1926 Kalisz, Pologne

B&W: two people, formal dress, 1920s setting
B&W: young girl in white dress with her mother, outdoors

Note source (annotation rouge) : « dates exactes des photos ? » — à confirmer.

Alina Szapocznikow naît le 16 mai à Kalisz, en Pologne. Pour des raisons inconnues, c'est la date du 15 mai 1927 qui apparaît sur le certificat de naissance, ce jusqu'à sa rectification par la décision d'un tribunal en novembre 1937, juste avant la mort de son père. Les parents de Szapocznikow sont juifs non-pratiquants : son père, Jakub, est dentiste et sa mère, Ryfka (née Auerbach), est pédiatre.

1939 — 1945 Guerre · ghettos · camps

En février 1940, après le déclenchement de la Seconde Guerre mondiale, la famille de Szapocznikow est enfermée dans le ghetto de Pabianice. Avec sa mère, Szapocznikow travaille comme infirmière dans un hôpital du ghetto.

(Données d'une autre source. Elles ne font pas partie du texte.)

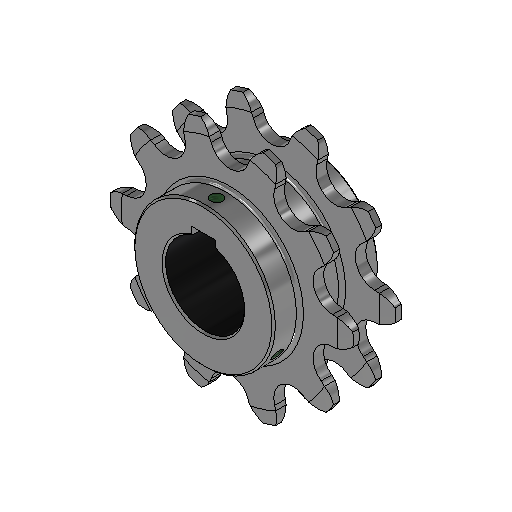
# Autodesk Inventor part: TL20240701-10110CV-016
Saved by Autodesk Inventor 2022.5 (Build 265521000, 521)
## iProperties
Category: DRIVE UNIT ASSY
Manager: 호상태
Company: 현대 트랜시스(대유)
Created: 2023-01-19
Part Number: TL20240701-10110CV-016
Project: SW PJT
Checked By: 김형민
Engr Approved By: 김시현
User Status: 2 x18
Material: S45C
Description: 0
Document SubType Name: Modeling
Mfg Approved By: 호상태
Designer: 박성규
Stock Number: 016
Density: 7.87 g/cm^3
Appearance: Plating Chrome
DETAIL: Coveryor Assembly
M/C TITLE: MEa/NEa차종 시트조립라인
SPECIFICATION: TL20221201-000000CV-006
DocNumber: 221118_Standard_v1
Folder: .\
VDS_Category: 엔지니어링
Detail Description: Processed products
Title: SPROCKET
Subject: SW차종 시트조립라인
Author: 박성규
Comments: RF2060 10NT
Revision Number: A
Autodesk Inventor part; units mm, degrees
ref_plane "YZ Plane" through (0, 0, 0) normal (1, 0, 0) x (0, 1, 0)
ref_plane "XZ Plane" through (0, 0, 0) normal (0, 1, 0) x (-1, 0, 0)
ref_plane "XY Plane" through (0, 0, 0) normal (0, 0, 1) x (1, 0, 0)
sketch "스케치8" plane through (0, 0, 0) normal (0, 0, 1) x (1, 0, 0)
  spline S0 degree 3 poles (-26.1552, 55.8268) (-26.2325, 56.5011) (-26.2682, 57.1822) (-26.249, 59.154) (-26.0828, 60.4461) (-25.5414, 62.6157) (-25.2309, 63.515) (-24.853, 64.3687) knots 0.551203 0.551203 0.551203 0.551203 0.748529 0.748529 1.122794 1.122794 1.401532 1.401532 1.401532 1.401532
  line L0 (-26.1552, 55.8268) -> (-26.2325, 56.5011) construction
  line L1 (-26.2325, 56.5011) -> (-26.2682, 57.1822) construction
  line L2 (-26.2682, 57.1822) -> (-26.249, 59.154) construction
  line L3 (-26.249, 59.154) -> (-26.0828, 60.4461) construction
  line L4 (-26.0828, 60.4461) -> (-25.5414, 62.6157) construction
  line L5 (-25.5414, 62.6157) -> (-25.2309, 63.515) construction
  line L6 (-25.2309, 63.515) -> (-24.853, 64.3687) construction
  arc A0 (-17.7285, 66.6836) -> (-24.853, 64.3687) centre (0, 0) ccw
  spline S1 degree 3 poles (-17.7285, 66.6836) (-16.921, 66.215) (-16.1411, 65.67) (-14.4279, 64.233) (-13.5339, 63.2854) (-12.3594, 61.7015) (-11.9879, 61.1294) (-11.6541, 60.5384) knots 4.560607 4.560607 4.560607 4.560607 4.839345 4.839345 5.213609 5.213609 5.410936 5.410936 5.410936 5.410936
  line L7 (-17.7285, 66.6836) -> (-16.921, 66.215) construction
  line L8 (-16.921, 66.215) -> (-16.1411, 65.67) construction
  line L9 (-16.1411, 65.67) -> (-14.4279, 64.233) construction
  line L10 (-14.4279, 64.233) -> (-13.5339, 63.2854) construction
  line L11 (-13.5339, 63.2854) -> (-12.3594, 61.7015) construction
  line L12 (-12.3594, 61.7015) -> (-11.9879, 61.1294) construction
  line L13 (-11.9879, 61.1294) -> (-11.6541, 60.5384) construction
  spline S2 degree 3 poles (11.6541, 60.5384) (11.9879, 61.1294) (12.3594, 61.7015) (13.5339, 63.2854) (14.4279, 64.233) (16.1411, 65.67) (16.921, 66.215) (17.7285, 66.6836) knots 0.551203 0.551203 0.551203 0.551203 0.748529 0.748529 1.122794 1.122794 1.401532 1.401532 1.401532 1.401532
  line L14 (11.6541, 60.5384) -> (11.9879, 61.1294) construction
  line L15 (11.9879, 61.1294) -> (12.3594, 61.7015) construction
  line L16 (12.3594, 61.7015) -> (13.5339, 63.2854) construction
  line L17 (13.5339, 63.2854) -> (14.4279, 64.233) construction
  line L18 (14.4279, 64.233) -> (16.1411, 65.67) construction
  line L19 (16.1411, 65.67) -> (16.921, 66.215) construction
  line L20 (16.921, 66.215) -> (17.7285, 66.6836) construction
  arc A1 (24.853, 64.3687) -> (17.7285, 66.6836) centre (0, 0) ccw
  spline S3 degree 3 poles (24.853, 64.3687) (25.2309, 63.515) (25.5414, 62.6157) (26.0828, 60.4461) (26.249, 59.154) (26.2682, 57.1822) (26.2325, 56.5011) (26.1552, 55.8268) knots 4.560607 4.560607 4.560607 4.560607 4.839345 4.839345 5.213609 5.213609 5.410936 5.410936 5.410936 5.410936
  line L21 (24.853, 64.3687) -> (25.2309, 63.515) construction
  line L22 (25.2309, 63.515) -> (25.5414, 62.6157) construction
  line L23 (25.5414, 62.6157) -> (26.0828, 60.4461) construction
  line L24 (26.0828, 60.4461) -> (26.249, 59.154) construction
  line L25 (26.249, 59.154) -> (26.2682, 57.1822) construction
  line L26 (26.2682, 57.1822) -> (26.2325, 56.5011) construction
  line L27 (26.2325, 56.5011) -> (26.1552, 55.8268) construction
  spline S4 degree 3 poles (45.012, 42.1265) (45.6294, 42.4084) (46.2662, 42.6528) (48.1474, 43.2439) (49.4276, 43.485) (51.6583, 43.6406) (52.6096, 43.6232) (53.5383, 43.5276) knots 0.551203 0.551203 0.551203 0.551203 0.748529 0.748529 1.122794 1.122794 1.401532 1.401532 1.401532 1.401532
  line L28 (45.012, 42.1265) -> (45.6294, 42.4084) construction
  line L29 (45.6294, 42.4084) -> (46.2662, 42.6528) construction
  line L30 (46.2662, 42.6528) -> (48.1474, 43.2439) construction
  line L31 (48.1474, 43.2439) -> (49.4276, 43.485) construction
  line L32 (49.4276, 43.485) -> (51.6583, 43.6406) construction
  line L33 (51.6583, 43.6406) -> (52.6096, 43.6232) construction
  line L34 (52.6096, 43.6232) -> (53.5383, 43.5276) construction
  arc A2 (57.9415, 37.4671) -> (53.5383, 43.5276) centre (0, 0) ccw
  spline S5 degree 3 poles (57.9415, 37.4671) (57.7454, 36.5544) (57.468, 35.6443) (56.6307, 33.5708) (56.0057, 32.4278) (54.8623, 30.8213) (54.433, 30.2912) (53.9742, 29.7912) knots 4.560607 4.560607 4.560607 4.560607 4.839345 4.839345 5.213609 5.213609 5.410936 5.410936 5.410936 5.410936
  line L35 (57.9415, 37.4671) -> (57.7454, 36.5544) construction
  line L36 (57.7454, 36.5544) -> (57.468, 35.6443) construction
  line L37 (57.468, 35.6443) -> (56.6307, 33.5708) construction
  line L38 (56.6307, 33.5708) -> (56.0057, 32.4278) construction
  line L39 (56.0057, 32.4278) -> (54.8623, 30.8213) construction
  line L40 (54.8623, 30.8213) -> (54.433, 30.2912) construction
  line L41 (54.433, 30.2912) -> (53.9742, 29.7912) construction
  spline S6 degree 3 poles (61.1768, 7.6237) (61.842, 7.4888) (62.5009, 7.3123) (64.3702, 6.6847) (65.5477, 6.1273) (67.4438, 4.942) (68.2031, 4.3688) (68.8983, 3.7456) knots 0.551203 0.551203 0.551203 0.551203 0.748529 0.748529 1.122794 1.122794 1.401532 1.401532 1.401532 1.401532
  line L42 (61.1768, 7.6237) -> (61.842, 7.4888) construction
  line L43 (61.842, 7.4888) -> (62.5009, 7.3123) construction
  line L44 (62.5009, 7.3123) -> (64.3702, 6.6847) construction
  line L45 (64.3702, 6.6847) -> (65.5477, 6.1273) construction
  line L46 (65.5477, 6.1273) -> (67.4438, 4.942) construction
  line L47 (67.4438, 4.942) -> (68.2031, 4.3688) construction
  line L48 (68.2031, 4.3688) -> (68.8983, 3.7456) construction
  arc A3 (68.8983, -3.7456) -> (68.8983, 3.7456) centre (0, 0) ccw
  spline S7 degree 3 poles (68.8983, -3.7456) (68.2031, -4.3688) (67.4438, -4.942) (65.5477, -6.1273) (64.3702, -6.6847) (62.5009, -7.3123) (61.842, -7.4888) (61.1768, -7.6237) knots 4.560607 4.560607 4.560607 4.560607 4.839345 4.839345 5.213609 5.213609 5.410936 5.410936 5.410936 5.410936
  line L49 (68.8983, -3.7456) -> (68.2031, -4.3688) construction
  line L50 (68.2031, -4.3688) -> (67.4438, -4.942) construction
  line L51 (67.4438, -4.942) -> (65.5477, -6.1273) construction
  line L52 (65.5477, -6.1273) -> (64.3702, -6.6847) construction
  line L53 (64.3702, -6.6847) -> (62.5009, -7.3123) construction
  line L54 (62.5009, -7.3123) -> (61.842, -7.4888) construction
  line L55 (61.842, -7.4888) -> (61.1768, -7.6237) construction
  spline S8 degree 3 poles (53.9742, -29.7912) (54.433, -30.2912) (54.8623, -30.8213) (56.0057, -32.4278) (56.6307, -33.5708) (57.468, -35.6443) (57.7454, -36.5544) (57.9415, -37.4671) knots 0.551203 0.551203 0.551203 0.551203 0.748529 0.748529 1.122794 1.122794 1.401532 1.401532 1.401532 1.401532
  line L56 (53.9742, -29.7912) -> (54.433, -30.2912) construction
  line L57 (54.433, -30.2912) -> (54.8623, -30.8213) construction
  line L58 (54.8623, -30.8213) -> (56.0057, -32.4278) construction
  line L59 (56.0057, -32.4278) -> (56.6307, -33.5708) construction
  line L60 (56.6307, -33.5708) -> (57.468, -35.6443) construction
  line L61 (57.468, -35.6443) -> (57.7454, -36.5544) construction
  line L62 (57.7454, -36.5544) -> (57.9415, -37.4671) construction
  arc A4 (53.5383, -43.5276) -> (57.9415, -37.4671) centre (0, 0) ccw
  spline S9 degree 3 poles (53.5383, -43.5276) (52.6096, -43.6232) (51.6583, -43.6406) (49.4276, -43.485) (48.1474, -43.2439) (46.2662, -42.6528) (45.6294, -42.4084) (45.012, -42.1265) knots 4.560607 4.560607 4.560607 4.560607 4.839345 4.839345 5.213609 5.213609 5.410936 5.410936 5.410936 5.410936
  line L63 (53.5383, -43.5276) -> (52.6096, -43.6232) construction
  line L64 (52.6096, -43.6232) -> (51.6583, -43.6406) construction
  line L65 (51.6583, -43.6406) -> (49.4276, -43.485) construction
  line L66 (49.4276, -43.485) -> (48.1474, -43.2439) construction
  line L67 (48.1474, -43.2439) -> (46.2662, -42.6528) construction
  line L68 (46.2662, -42.6528) -> (45.6294, -42.4084) construction
  line L69 (45.6294, -42.4084) -> (45.012, -42.1265) construction
  spline S10 degree 3 poles (26.1552, -55.8268) (26.2325, -56.5011) (26.2682, -57.1822) (26.249, -59.154) (26.0828, -60.4461) (25.5414, -62.6157) (25.2309, -63.515) (24.853, -64.3687) knots 0.551203 0.551203 0.551203 0.551203 0.748529 0.748529 1.122794 1.122794 1.401532 1.401532 1.401532 1.401532
  line L70 (26.1552, -55.8268) -> (26.2325, -56.5011) construction
  line L71 (26.2325, -56.5011) -> (26.2682, -57.1822) construction
  line L72 (26.2682, -57.1822) -> (26.249, -59.154) construction
  line L73 (26.249, -59.154) -> (26.0828, -60.4461) construction
  line L74 (26.0828, -60.4461) -> (25.5414, -62.6157) construction
  line L75 (25.5414, -62.6157) -> (25.2309, -63.515) construction
  line L76 (25.2309, -63.515) -> (24.853, -64.3687) construction
  arc A5 (17.7285, -66.6836) -> (24.853, -64.3687) centre (0, 0) ccw
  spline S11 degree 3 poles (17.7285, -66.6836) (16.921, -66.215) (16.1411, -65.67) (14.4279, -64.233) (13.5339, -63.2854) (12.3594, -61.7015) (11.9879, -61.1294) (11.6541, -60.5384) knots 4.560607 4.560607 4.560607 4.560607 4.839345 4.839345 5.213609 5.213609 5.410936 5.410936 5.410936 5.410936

Après la liquidation du ghetto de Pabianice en 1942, la famille est transférée à celui de Łódź. D'après le témoignage de Rita Hilton, la famille Szapocznikow est envoyée à Bergen-Belsen, où elle restera environ dix mois, via Auschwitz. Mère et fille travaillent dans un hôpital du camp, mais elles sont séparées à l'automne 1944. Nous ne savons rien de ce qu'a vécu Szapocznikow durant les derniers mois de la guerre. Elle part à Prague avec un groupe de prisonniers tandis que sa mère retourne à Łódź.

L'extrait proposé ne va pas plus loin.